▶ **What the task asks**:
Nothing but the records, repeated word for word and free of pictures, belongs in the answer.

(Stored entries)
================

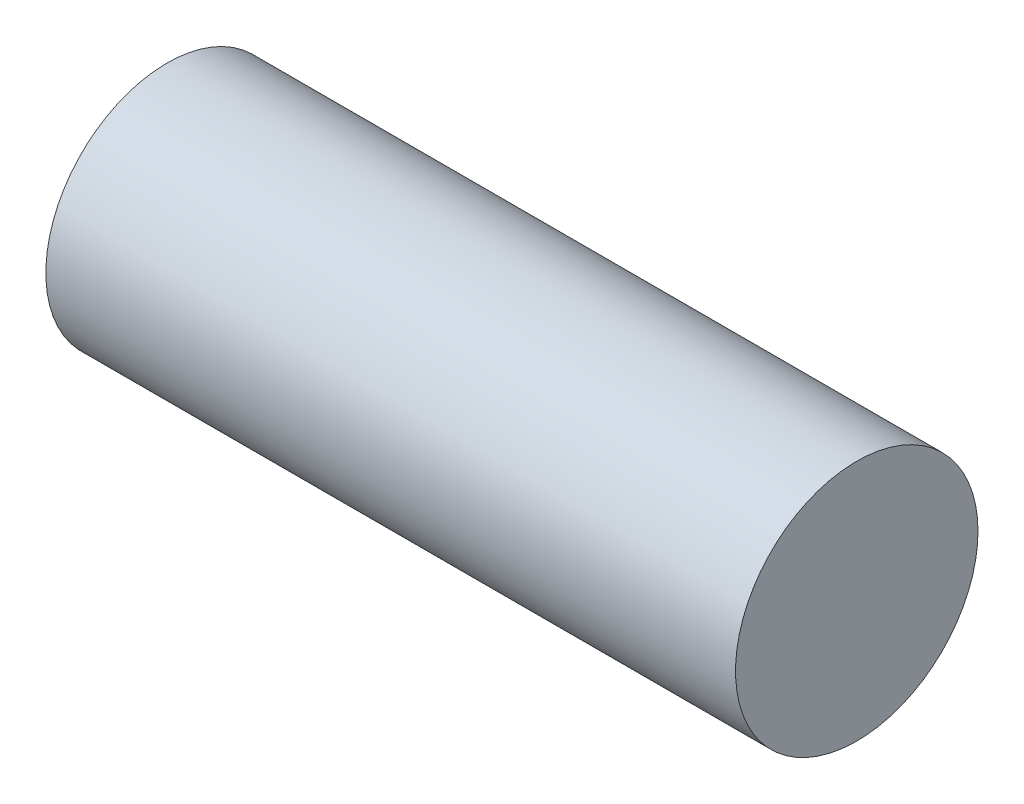
SolidWorks part; units mm, degrees
ref_plane "前视基准面" through (0, 0, 0) normal (0, 0, 1) x (1, 0, 0)
ref_plane "上视基准面" through (0, 0, 0) normal (0, 1, 0) x (1, 0, 0)
ref_plane "右视基准面" through (0, 0, 0) normal (1, 0, 0) x (0, 0, -1)
sketch "草图1" plane through (0, 0, 0) normal (1, 0, 0) x (0, 0, -1)
  circle A0 centre (-38.4674, 25.1675) radius 4.5
extrude "凸台-拉伸1" add sketch "草图1" along normal blind 25.6

================

▶ **Result of this task**:
SolidWorks part; units mm, degrees
ref_plane "前视基准面" through (0, 0, 0) normal (0, 0, 1) x (1, 0, 0)
ref_plane "上视基准面" through (0, 0, 0) normal (0, 1, 0) x (1, 0, 0)
ref_plane "右视基准面" through (0, 0, 0) normal (1, 0, 0) x (0, 0, -1)
sketch "草图1" plane through (0, 0, 0) normal (1, 0, 0) x (0, 0, -1)
  circle A0 centre (-38.4674, 25.1675) radius 4.5
extrude "凸台-拉伸1" add sketch "草图1" along normal blind 25.6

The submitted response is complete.